Circadian rhythms are physiological events that recur at about every 24 hours. Molecular machinery of circadian rhythms provides temporal information to other cellular processes. Recent findings indicate that the heterodimeric Neurospora circadian transcription factor, White Collar Complex (WCC), influence cellulase regulation. Moreover, WCC influences the expression of a cell cycle kinase, stk-29, suggesting functional roles of circadian rhythms in cell division cycles. We explore molecular wirings of circadian rhythms, cell cycle, and cellulase regulation in Neurospora crassa with mathematical modeling and experimental validations.
Since April 2010, Christian Hong has been Assistant Professor, Department of Molecular and Cellular Physiology, at the University of Cincinnati College of Medicine. He received his bachelor’s, masters and PhD at the Virginia Polytechnic Institute and State University and did postdoctoral research at the Dartmouth Medical School.
His graduate studies were conducted under the guidance of Dr. John Tyson in mathematical modeling of circadian rhythms. As a postdoctoral fellow, he used mathematical models to guide experiments. He learned how to apply genetic and molecular biological approaches to problems of cellular regulation, using Neurospora crassa, a tractable experimental system for circadian biology.
In the past four years, he was a co-author on nine publications, including both experimental and computational modeling papers as well as two reviews.
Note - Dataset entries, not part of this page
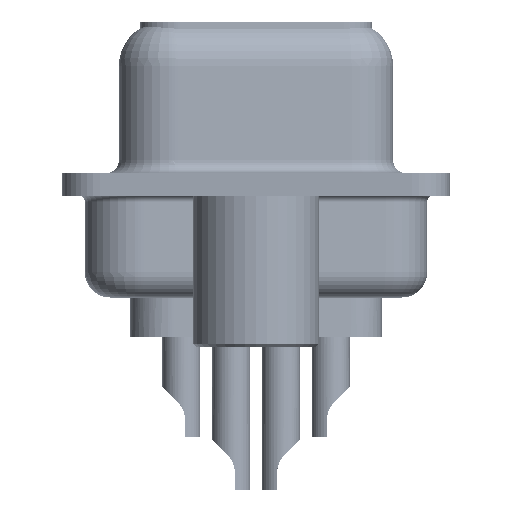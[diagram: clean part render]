
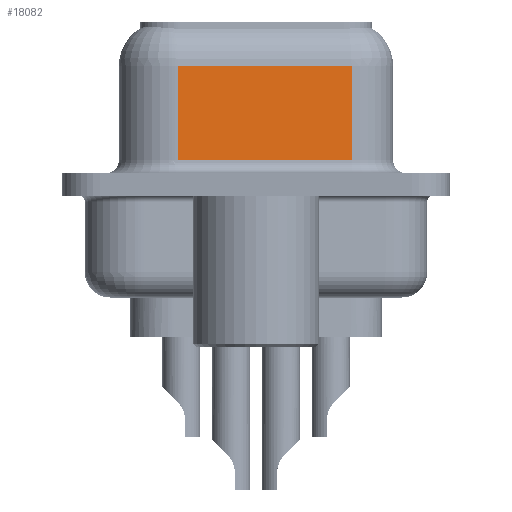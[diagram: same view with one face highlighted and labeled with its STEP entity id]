
A CAD part, left-side view. The second image highlights one B-rep face of the part: STEP entity #18082.
In plain terms, the highlighted planar face has unit normal (-0.985, -0.174, 0).
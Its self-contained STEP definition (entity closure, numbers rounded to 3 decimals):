
#115 = VECTOR ( 'NONE', #39264, 1000. ) ;
#1196 = CARTESIAN_POINT ( 'NONE',  ( 4.48, 3.103, 6.45 ) ) ;
#1555 = DIRECTION ( 'NONE',  ( 0.985, 0.174, 0. ) ) ;
#2075 = FACE_OUTER_BOUND ( 'NONE', #33271, .T. ) ;
#3596 = ORIENTED_EDGE ( 'NONE', *, *, #12378, .T. ) ;
#7317 = AXIS2_PLACEMENT_3D ( 'NONE', #17428, #1555, #42859 ) ;
#7778 = VECTOR ( 'NONE', #14341, 1000. ) ;
#8014 = CARTESIAN_POINT ( 'NONE',  ( 4.48, 3.103, 0.95 ) ) ;
#11153 = DIRECTION ( 'NONE',  ( 0., 0., -1. ) ) ;
#12378 = EDGE_CURVE ( 'NONE', #34370, #30945, #21905, .T. ) ;
#14341 = DIRECTION ( 'NONE',  ( 0.174, -0.985, 0. ) ) ;
#15179 = LINE ( 'NONE', #44382, #25253 ) ;
#16941 = EDGE_CURVE ( 'NONE', #46074, #30945, #15179, .T. ) ;
#17428 = CARTESIAN_POINT ( 'NONE',  ( 5.697, -3.797, 6.45 ) ) ;
#18082 = ADVANCED_FACE ( 'NONE', ( #2075 ), #42325, .F. ) ;
#20609 = DIRECTION ( 'NONE',  ( 0., 0., -1. ) ) ;
#21683 = LINE ( 'NONE', #1196, #40961 ) ;
#21905 = LINE ( 'NONE', #46785, #7778 ) ;
#22273 = LINE ( 'NONE', #30886, #115 ) ;
#25253 = VECTOR ( 'NONE', #11153, 1000. ) ;
#29576 = CARTESIAN_POINT ( 'NONE',  ( 5.697, -3.797, 4.7 ) ) ;
#30886 = CARTESIAN_POINT ( 'NONE',  ( 5.697, -3.797, 4.7 ) ) ;
#30945 = VERTEX_POINT ( 'NONE', #37774 ) ;
#32789 = ORIENTED_EDGE ( 'NONE', *, *, #43754, .T. ) ;
#33271 = EDGE_LOOP ( 'NONE', ( #52890, #32789, #50939, #3596 ) ) ;
#34370 = VERTEX_POINT ( 'NONE', #8014 ) ;
#37774 = CARTESIAN_POINT ( 'NONE',  ( 5.697, -3.797, 0.95 ) ) ;
#37810 = EDGE_CURVE ( 'NONE', #46921, #34370, #21683, .T. ) ;
#39264 = DIRECTION ( 'NONE',  ( -0.174, 0.985, 0. ) ) ;
#40961 = VECTOR ( 'NONE', #20609, 1000. ) ;
#42325 = PLANE ( 'NONE',  #7317 ) ;
#42859 = DIRECTION ( 'NONE',  ( -0.174, 0.985, 0. ) ) ;
#43754 = EDGE_CURVE ( 'NONE', #46074, #46921, #22273, .T. ) ;
#44382 = CARTESIAN_POINT ( 'NONE',  ( 5.697, -3.797, 6.45 ) ) ;
#46074 = VERTEX_POINT ( 'NONE', #29576 ) ;
#46424 = CARTESIAN_POINT ( 'NONE',  ( 4.48, 3.103, 4.7 ) ) ;
#46785 = CARTESIAN_POINT ( 'NONE',  ( 5.697, -3.797, 0.95 ) ) ;
#46921 = VERTEX_POINT ( 'NONE', #46424 ) ;
#50939 = ORIENTED_EDGE ( 'NONE', *, *, #37810, .T. ) ;
#52890 = ORIENTED_EDGE ( 'NONE', *, *, #16941, .F. ) ;
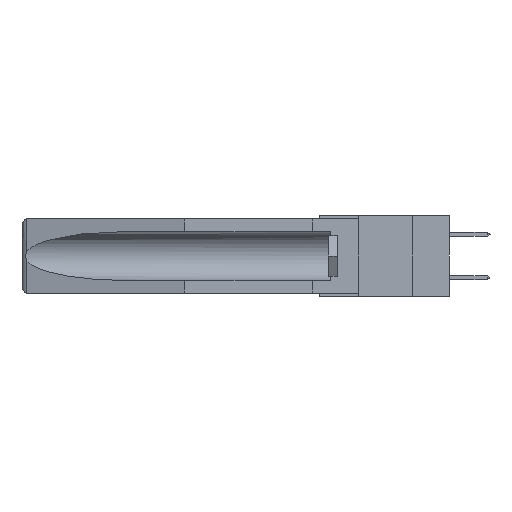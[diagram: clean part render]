
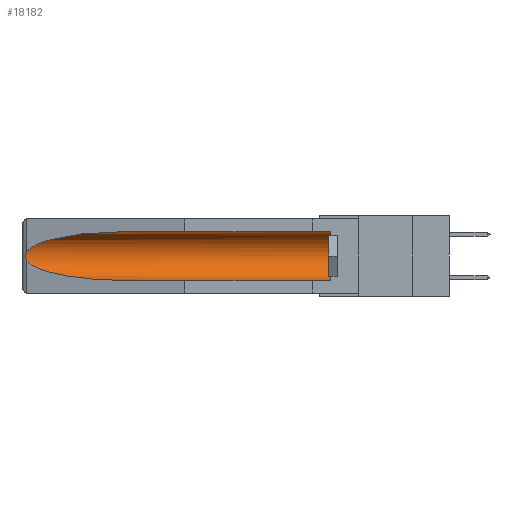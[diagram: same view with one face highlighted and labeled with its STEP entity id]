
A CAD part, left-side view. The second image highlights one B-rep face of the part: STEP entity #18182.
In plain terms, the highlighted cylindrical face has radius 2.857 mm (diameter 5.715 mm), a partial arc.
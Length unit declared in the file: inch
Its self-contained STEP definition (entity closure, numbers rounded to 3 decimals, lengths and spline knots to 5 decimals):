
#367 = ORIENTED_EDGE ( 'NONE', *, *, #15120, .T. ) ;
#2847 = LINE ( 'NONE', #16621, #24788 ) ;
#3473 = VERTEX_POINT ( 'NONE', #22331 ) ;
#3673 = EDGE_CURVE ( 'NONE', #22735, #22825, #7469, .T. ) ;
#3933 = CARTESIAN_POINT ( 'NONE',  ( 0.155, 0.126, -0.059 ) ) ;
#4370 = CARTESIAN_POINT ( 'NONE',  ( 0.155, 1.07973, -0.284 ) ) ;
#5345 = CARTESIAN_POINT ( 'NONE',  ( 0.26537, 1.52718, -0.19328 ) ) ;
#5605 = AXIS2_PLACEMENT_3D ( 'NONE', #23266, #19071, #17118 ) ;
#5941 = DIRECTION ( 'NONE',  ( 0., 1., 0. ) ) ;
#6650 = B_SPLINE_CURVE_WITH_KNOTS ( 'NONE', 3,
 ( #11245, #21569, #26173, #9099, #17680, #6893, #13090, #9195, #11066, #13365 ),
 .UNSPECIFIED., .F., .F.,
 ( 4, 2, 2, 2, 4 ),
 ( 0., 0.00029, 0.00058, 0.00087, 0.00117 ),
 .UNSPECIFIED. ) ;
#6893 = CARTESIAN_POINT ( 'NONE',  ( 0.2675, 1.53308, -0.17534 ) ) ;
#7223 = CYLINDRICAL_SURFACE ( 'NONE', #5605, 0.1125 ) ;
#7469 =( BOUNDED_CURVE ( )  B_SPLINE_CURVE ( 3, ( #10712, #19004, #23375, #14985 ),
 .UNSPECIFIED., .F., .F. ) 
 B_SPLINE_CURVE_WITH_KNOTS ( ( 4, 4 ),
 ( 4.71239, 6.08839 ),
 .UNSPECIFIED. ) 
 CURVE ( )  GEOMETRIC_REPRESENTATION_ITEM ( )  RATIONAL_B_SPLINE_CURVE ( ( 1., 0.848, 0.848, 1. ) ) 
 REPRESENTATION_ITEM ( '' )  );
#7756 = VERTEX_POINT ( 'NONE', #3933 ) ;
#8251 = EDGE_CURVE ( 'NONE', #7756, #22735, #2847, .T. ) ;
#8991 = EDGE_CURVE ( 'NONE', #22825, #3473, #6650, .T. ) ;
#9099 = CARTESIAN_POINT ( 'NONE',  ( 0.2673, 1.5327, -0.16383 ) ) ;
#9195 = CARTESIAN_POINT ( 'NONE',  ( 0.26655, 1.53094, -0.18657 ) ) ;
#10554 = ORIENTED_EDGE ( 'NONE', *, *, #3673, .T. ) ;
#10712 = CARTESIAN_POINT ( 'NONE',  ( 0.155, 1.07973, -0.059 ) ) ;
#11066 = CARTESIAN_POINT ( 'NONE',  ( 0.26597, 1.5296, -0.19026 ) ) ;
#11245 = CARTESIAN_POINT ( 'NONE',  ( 0.26537, 1.52718, -0.14972 ) ) ;
#12961 = EDGE_LOOP ( 'NONE', ( #10554, #13320, #367, #12995, #19176, #27422 ) ) ;
#12995 = ORIENTED_EDGE ( 'NONE', *, *, #15663, .F. ) ;
#13090 = CARTESIAN_POINT ( 'NONE',  ( 0.2673, 1.53269, -0.17917 ) ) ;
#13320 = ORIENTED_EDGE ( 'NONE', *, *, #8991, .T. ) ;
#13365 = CARTESIAN_POINT ( 'NONE',  ( 0.26537, 1.52718, -0.19328 ) ) ;
#13587 = DIRECTION ( 'NONE',  ( 0., -1., 0. ) ) ;
#13748 = CARTESIAN_POINT ( 'NONE',  ( 0.21114, 1.30732, -0.284 ) ) ;
#14320 = DIRECTION ( 'NONE',  ( 0., 1., 0. ) ) ;
#14541 = CARTESIAN_POINT ( 'NONE',  ( 0.155, 1.07973, -0.059 ) ) ;
#14985 = CARTESIAN_POINT ( 'NONE',  ( 0.26537, 1.52718, -0.14972 ) ) ;
#15120 = EDGE_CURVE ( 'NONE', #3473, #26263, #18226, .T. ) ;
#15663 = EDGE_CURVE ( 'NONE', #26857, #26263, #24049, .T. ) ;
#15803 = CARTESIAN_POINT ( 'NONE',  ( 0.25451, 1.48313, -0.24835 ) ) ;
#16184 = CIRCLE ( 'NONE', #21618, 0.1125 ) ;
#16621 = CARTESIAN_POINT ( 'NONE',  ( 0.155, -0.30754, -0.059 ) ) ;
#17118 = DIRECTION ( 'NONE',  ( 0., 0., 1. ) ) ;
#17680 = CARTESIAN_POINT ( 'NONE',  ( 0.2675, 1.53308, -0.16763 ) ) ;
#18182 = ADVANCED_FACE ( 'NONE', ( #26260 ), #7223, .F. ) ;
#18226 =( BOUNDED_CURVE ( )  B_SPLINE_CURVE ( 3, ( #5345, #15803, #13748, #20175 ),
 .UNSPECIFIED., .F., .T. ) 
 B_SPLINE_CURVE_WITH_KNOTS ( ( 4, 4 ),
 ( 0.1948, 1.5708 ),
 .UNSPECIFIED. ) 
 CURVE ( )  GEOMETRIC_REPRESENTATION_ITEM ( )  RATIONAL_B_SPLINE_CURVE ( ( 1., 0.848, 0.848, 1. ) ) 
 REPRESENTATION_ITEM ( '' )  );
#18388 = VECTOR ( 'NONE', #14320, 39.37008 ) ;
#18502 = EDGE_CURVE ( 'NONE', #26857, #7756, #16184, .T. ) ;
#19004 = CARTESIAN_POINT ( 'NONE',  ( 0.21114, 1.30732, -0.059 ) ) ;
#19071 = DIRECTION ( 'NONE',  ( 0., 1., 0. ) ) ;
#19176 = ORIENTED_EDGE ( 'NONE', *, *, #18502, .T. ) ;
#20175 = CARTESIAN_POINT ( 'NONE',  ( 0.155, 1.07973, -0.284 ) ) ;
#20975 = CARTESIAN_POINT ( 'NONE',  ( 0.155, -0.30754, -0.284 ) ) ;
#21217 = CARTESIAN_POINT ( 'NONE',  ( 0.26537, 1.52718, -0.14972 ) ) ;
#21569 = CARTESIAN_POINT ( 'NONE',  ( 0.26597, 1.52961, -0.15275 ) ) ;
#21618 = AXIS2_PLACEMENT_3D ( 'NONE', #24516, #13587, #24324 ) ;
#22331 = CARTESIAN_POINT ( 'NONE',  ( 0.26537, 1.52718, -0.19328 ) ) ;
#22735 = VERTEX_POINT ( 'NONE', #14541 ) ;
#22825 = VERTEX_POINT ( 'NONE', #21217 ) ;
#23266 = CARTESIAN_POINT ( 'NONE',  ( 0.155, -0.30754, -0.1715 ) ) ;
#23375 = CARTESIAN_POINT ( 'NONE',  ( 0.25451, 1.48313, -0.09465 ) ) ;
#24049 = LINE ( 'NONE', #20975, #18388 ) ;
#24324 = DIRECTION ( 'NONE',  ( 0., 0., 1. ) ) ;
#24516 = CARTESIAN_POINT ( 'NONE',  ( 0.155, 0.126, -0.1715 ) ) ;
#24788 = VECTOR ( 'NONE', #5941, 39.37008 ) ;
#26173 = CARTESIAN_POINT ( 'NONE',  ( 0.26654, 1.53092, -0.15636 ) ) ;
#26260 = FACE_OUTER_BOUND ( 'NONE', #12961, .T. ) ;
#26263 = VERTEX_POINT ( 'NONE', #4370 ) ;
#26857 = VERTEX_POINT ( 'NONE', #27210 ) ;
#27210 = CARTESIAN_POINT ( 'NONE',  ( 0.155, 0.126, -0.284 ) ) ;
#27422 = ORIENTED_EDGE ( 'NONE', *, *, #8251, .T. ) ;

As a young investigator who has crossed disciplines from mathematical biology to genetics and molecular biology, he believes that such interdisciplinary approaches will lead to the innovative therapies of the future. He successfully utilized both disciplines to elucidate molecular mechanisms of circadian rhythms in Neurospora crassa.
In 2008, Dr. Hong won the Kronauer Award in Excellence in Biomathematical Modeling.
The goals of his current project is to investigate molecular dynamics that arise from the interconnected network that consists of circadian rhythms, cell cycle, DNA damage response, and metabolism. Mathematical modules are built for each one of the above cellular processes and model predictions are validated using a model filamentous fungus, Neurospora crassa.